━━━━━ Record excerpts ━━━━━

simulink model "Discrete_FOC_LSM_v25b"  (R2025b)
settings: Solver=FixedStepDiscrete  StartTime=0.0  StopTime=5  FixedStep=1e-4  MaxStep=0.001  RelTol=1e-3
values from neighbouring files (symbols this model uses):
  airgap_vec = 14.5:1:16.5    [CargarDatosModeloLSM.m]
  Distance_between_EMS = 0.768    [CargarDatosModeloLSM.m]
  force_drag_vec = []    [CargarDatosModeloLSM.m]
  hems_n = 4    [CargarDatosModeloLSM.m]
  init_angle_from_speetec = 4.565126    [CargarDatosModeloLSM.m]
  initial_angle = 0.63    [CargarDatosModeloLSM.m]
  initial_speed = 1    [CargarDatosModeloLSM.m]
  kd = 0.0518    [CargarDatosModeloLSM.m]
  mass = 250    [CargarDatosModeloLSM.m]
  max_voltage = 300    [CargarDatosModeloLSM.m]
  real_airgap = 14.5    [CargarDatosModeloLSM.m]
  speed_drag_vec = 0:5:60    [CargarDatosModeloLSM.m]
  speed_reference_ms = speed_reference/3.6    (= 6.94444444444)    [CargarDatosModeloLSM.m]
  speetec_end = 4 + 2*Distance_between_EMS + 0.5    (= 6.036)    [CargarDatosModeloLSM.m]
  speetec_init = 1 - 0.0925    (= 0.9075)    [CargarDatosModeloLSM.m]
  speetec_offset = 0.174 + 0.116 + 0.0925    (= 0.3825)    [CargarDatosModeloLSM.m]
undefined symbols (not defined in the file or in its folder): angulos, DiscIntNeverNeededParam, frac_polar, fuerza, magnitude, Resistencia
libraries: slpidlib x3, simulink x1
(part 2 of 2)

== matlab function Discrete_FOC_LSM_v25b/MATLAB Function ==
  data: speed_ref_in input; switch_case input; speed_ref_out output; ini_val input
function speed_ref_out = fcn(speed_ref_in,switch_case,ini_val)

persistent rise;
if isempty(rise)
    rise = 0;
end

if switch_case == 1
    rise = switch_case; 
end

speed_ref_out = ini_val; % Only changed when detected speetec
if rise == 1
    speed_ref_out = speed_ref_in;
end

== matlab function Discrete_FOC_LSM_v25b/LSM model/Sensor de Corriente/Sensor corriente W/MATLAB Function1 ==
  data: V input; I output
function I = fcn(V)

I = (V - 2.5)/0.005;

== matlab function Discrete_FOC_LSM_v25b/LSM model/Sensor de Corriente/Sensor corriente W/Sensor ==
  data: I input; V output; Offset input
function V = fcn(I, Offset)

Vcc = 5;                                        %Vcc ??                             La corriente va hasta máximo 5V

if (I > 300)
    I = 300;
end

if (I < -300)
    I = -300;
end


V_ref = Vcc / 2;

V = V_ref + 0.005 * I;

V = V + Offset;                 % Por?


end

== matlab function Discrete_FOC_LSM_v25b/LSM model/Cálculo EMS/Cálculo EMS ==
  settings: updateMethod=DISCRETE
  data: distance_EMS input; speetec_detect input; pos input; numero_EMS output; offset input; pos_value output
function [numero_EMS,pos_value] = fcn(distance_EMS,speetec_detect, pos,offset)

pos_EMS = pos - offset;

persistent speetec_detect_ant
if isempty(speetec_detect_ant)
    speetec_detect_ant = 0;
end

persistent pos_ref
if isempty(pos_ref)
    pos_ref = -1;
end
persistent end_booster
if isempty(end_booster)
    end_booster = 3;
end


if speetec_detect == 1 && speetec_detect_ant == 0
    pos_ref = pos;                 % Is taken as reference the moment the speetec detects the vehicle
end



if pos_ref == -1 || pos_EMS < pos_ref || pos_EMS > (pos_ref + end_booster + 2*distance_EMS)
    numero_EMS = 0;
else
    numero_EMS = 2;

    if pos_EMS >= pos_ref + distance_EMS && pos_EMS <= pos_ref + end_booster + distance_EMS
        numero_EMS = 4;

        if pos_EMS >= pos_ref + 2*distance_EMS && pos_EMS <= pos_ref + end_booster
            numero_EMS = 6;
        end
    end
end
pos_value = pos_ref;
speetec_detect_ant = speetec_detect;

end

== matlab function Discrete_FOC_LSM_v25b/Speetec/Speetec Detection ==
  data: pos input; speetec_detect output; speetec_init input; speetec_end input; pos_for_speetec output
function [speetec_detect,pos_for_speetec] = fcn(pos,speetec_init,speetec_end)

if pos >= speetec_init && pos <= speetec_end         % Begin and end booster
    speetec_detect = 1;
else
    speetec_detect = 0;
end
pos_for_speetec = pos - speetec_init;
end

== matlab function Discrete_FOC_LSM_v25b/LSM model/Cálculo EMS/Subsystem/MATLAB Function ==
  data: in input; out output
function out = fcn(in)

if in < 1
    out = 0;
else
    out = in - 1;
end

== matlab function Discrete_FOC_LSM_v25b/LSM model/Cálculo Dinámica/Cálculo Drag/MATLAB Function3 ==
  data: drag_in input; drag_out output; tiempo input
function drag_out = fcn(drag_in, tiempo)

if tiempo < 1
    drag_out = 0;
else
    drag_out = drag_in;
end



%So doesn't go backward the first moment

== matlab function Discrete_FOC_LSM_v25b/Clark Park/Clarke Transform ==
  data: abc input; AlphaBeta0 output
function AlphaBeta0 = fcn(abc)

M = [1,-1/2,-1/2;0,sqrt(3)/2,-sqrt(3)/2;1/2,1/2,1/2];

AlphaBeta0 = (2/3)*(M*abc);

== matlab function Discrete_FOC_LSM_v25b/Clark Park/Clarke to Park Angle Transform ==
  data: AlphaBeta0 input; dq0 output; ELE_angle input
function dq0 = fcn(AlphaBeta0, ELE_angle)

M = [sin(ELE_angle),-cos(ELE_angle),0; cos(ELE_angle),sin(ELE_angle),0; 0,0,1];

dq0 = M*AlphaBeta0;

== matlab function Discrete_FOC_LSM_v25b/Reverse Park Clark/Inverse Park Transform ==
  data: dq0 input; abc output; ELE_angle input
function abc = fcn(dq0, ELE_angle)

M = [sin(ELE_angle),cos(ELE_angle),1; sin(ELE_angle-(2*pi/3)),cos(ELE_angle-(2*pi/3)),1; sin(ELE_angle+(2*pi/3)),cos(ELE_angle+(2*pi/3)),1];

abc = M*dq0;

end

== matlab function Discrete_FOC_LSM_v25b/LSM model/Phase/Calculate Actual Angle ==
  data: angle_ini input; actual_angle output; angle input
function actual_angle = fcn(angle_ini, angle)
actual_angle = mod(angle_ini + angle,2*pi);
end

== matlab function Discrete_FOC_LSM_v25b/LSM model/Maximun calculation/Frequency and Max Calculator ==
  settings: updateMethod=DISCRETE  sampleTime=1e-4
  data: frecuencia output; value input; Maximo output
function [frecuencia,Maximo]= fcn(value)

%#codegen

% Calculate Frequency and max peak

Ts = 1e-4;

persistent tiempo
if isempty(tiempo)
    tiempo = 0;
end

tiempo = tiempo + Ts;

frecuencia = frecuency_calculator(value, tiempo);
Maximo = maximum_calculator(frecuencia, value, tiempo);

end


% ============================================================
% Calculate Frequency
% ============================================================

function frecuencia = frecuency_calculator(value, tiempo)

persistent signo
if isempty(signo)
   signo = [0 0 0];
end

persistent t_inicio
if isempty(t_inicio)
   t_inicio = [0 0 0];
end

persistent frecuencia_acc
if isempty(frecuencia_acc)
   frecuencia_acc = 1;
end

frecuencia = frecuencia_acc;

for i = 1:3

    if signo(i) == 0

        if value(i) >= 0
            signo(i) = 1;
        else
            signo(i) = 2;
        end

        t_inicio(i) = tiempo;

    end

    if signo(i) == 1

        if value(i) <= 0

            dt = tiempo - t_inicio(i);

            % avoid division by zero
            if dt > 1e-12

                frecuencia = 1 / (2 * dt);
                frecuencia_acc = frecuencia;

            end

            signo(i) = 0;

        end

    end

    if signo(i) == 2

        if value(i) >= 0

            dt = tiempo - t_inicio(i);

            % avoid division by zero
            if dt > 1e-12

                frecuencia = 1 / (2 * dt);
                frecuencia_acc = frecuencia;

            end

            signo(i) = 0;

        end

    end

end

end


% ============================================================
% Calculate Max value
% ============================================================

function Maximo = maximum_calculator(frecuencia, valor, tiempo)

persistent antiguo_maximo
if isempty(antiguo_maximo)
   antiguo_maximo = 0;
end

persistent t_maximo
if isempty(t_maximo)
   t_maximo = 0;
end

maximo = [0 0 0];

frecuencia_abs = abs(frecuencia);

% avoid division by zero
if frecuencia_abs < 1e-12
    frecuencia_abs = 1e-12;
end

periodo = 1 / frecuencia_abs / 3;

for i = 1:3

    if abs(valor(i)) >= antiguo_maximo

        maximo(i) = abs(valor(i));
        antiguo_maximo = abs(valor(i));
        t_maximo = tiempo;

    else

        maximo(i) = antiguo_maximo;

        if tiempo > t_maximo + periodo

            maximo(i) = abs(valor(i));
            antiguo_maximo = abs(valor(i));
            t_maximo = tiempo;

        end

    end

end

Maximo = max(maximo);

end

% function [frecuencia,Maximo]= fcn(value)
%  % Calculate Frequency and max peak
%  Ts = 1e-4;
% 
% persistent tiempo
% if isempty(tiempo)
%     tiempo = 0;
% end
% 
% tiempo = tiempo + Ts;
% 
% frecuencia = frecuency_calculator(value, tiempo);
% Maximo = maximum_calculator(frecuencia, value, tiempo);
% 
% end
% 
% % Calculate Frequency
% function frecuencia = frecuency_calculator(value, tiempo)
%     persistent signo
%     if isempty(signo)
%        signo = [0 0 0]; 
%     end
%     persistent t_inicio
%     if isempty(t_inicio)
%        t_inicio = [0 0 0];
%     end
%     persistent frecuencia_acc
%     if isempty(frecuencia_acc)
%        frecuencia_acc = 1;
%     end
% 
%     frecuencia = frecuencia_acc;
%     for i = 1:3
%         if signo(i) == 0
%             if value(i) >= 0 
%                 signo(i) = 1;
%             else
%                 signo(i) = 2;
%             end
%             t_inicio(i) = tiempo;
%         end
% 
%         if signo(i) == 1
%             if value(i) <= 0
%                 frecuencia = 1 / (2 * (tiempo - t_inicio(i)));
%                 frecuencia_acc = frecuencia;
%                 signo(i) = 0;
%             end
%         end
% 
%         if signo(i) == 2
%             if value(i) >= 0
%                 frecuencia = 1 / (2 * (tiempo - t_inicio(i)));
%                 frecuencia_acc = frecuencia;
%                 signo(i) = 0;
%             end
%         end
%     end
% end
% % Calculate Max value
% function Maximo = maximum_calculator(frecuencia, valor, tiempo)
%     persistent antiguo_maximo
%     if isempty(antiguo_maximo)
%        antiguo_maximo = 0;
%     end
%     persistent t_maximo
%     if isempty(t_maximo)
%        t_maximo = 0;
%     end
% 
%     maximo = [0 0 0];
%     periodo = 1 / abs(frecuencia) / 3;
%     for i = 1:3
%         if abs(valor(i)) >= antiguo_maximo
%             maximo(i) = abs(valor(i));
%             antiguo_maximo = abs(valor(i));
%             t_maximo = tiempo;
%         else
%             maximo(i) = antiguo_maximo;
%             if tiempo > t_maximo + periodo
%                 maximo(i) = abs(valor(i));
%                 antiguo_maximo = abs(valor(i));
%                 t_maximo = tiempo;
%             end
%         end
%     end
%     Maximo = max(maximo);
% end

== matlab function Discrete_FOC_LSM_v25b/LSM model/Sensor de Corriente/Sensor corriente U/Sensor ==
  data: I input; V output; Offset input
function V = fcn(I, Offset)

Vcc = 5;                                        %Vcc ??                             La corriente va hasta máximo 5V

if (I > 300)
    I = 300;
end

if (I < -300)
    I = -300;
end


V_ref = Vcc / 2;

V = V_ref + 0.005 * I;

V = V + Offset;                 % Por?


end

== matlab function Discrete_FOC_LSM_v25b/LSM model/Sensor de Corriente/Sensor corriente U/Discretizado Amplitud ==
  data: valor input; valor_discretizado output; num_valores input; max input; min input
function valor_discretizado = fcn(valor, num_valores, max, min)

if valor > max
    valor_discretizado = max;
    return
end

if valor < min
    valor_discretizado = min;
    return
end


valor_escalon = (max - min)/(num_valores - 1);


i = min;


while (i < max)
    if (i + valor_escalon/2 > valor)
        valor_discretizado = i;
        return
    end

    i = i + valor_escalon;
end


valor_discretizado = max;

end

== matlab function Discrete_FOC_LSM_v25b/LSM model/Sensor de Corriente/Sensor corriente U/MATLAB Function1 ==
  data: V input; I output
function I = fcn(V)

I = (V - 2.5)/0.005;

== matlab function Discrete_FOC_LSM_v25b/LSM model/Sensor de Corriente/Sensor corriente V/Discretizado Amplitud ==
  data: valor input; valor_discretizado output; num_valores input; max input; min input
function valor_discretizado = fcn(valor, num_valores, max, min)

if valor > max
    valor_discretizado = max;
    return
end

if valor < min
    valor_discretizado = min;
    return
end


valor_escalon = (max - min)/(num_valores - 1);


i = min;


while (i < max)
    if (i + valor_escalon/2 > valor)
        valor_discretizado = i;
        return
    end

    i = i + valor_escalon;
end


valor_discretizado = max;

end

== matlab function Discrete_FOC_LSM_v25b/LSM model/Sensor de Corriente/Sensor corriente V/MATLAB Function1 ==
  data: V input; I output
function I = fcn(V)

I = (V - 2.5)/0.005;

━━━━━

## Required action
Using the records above, determine how many lines hold the word "peak", and answer with that figure only.

## Solution
2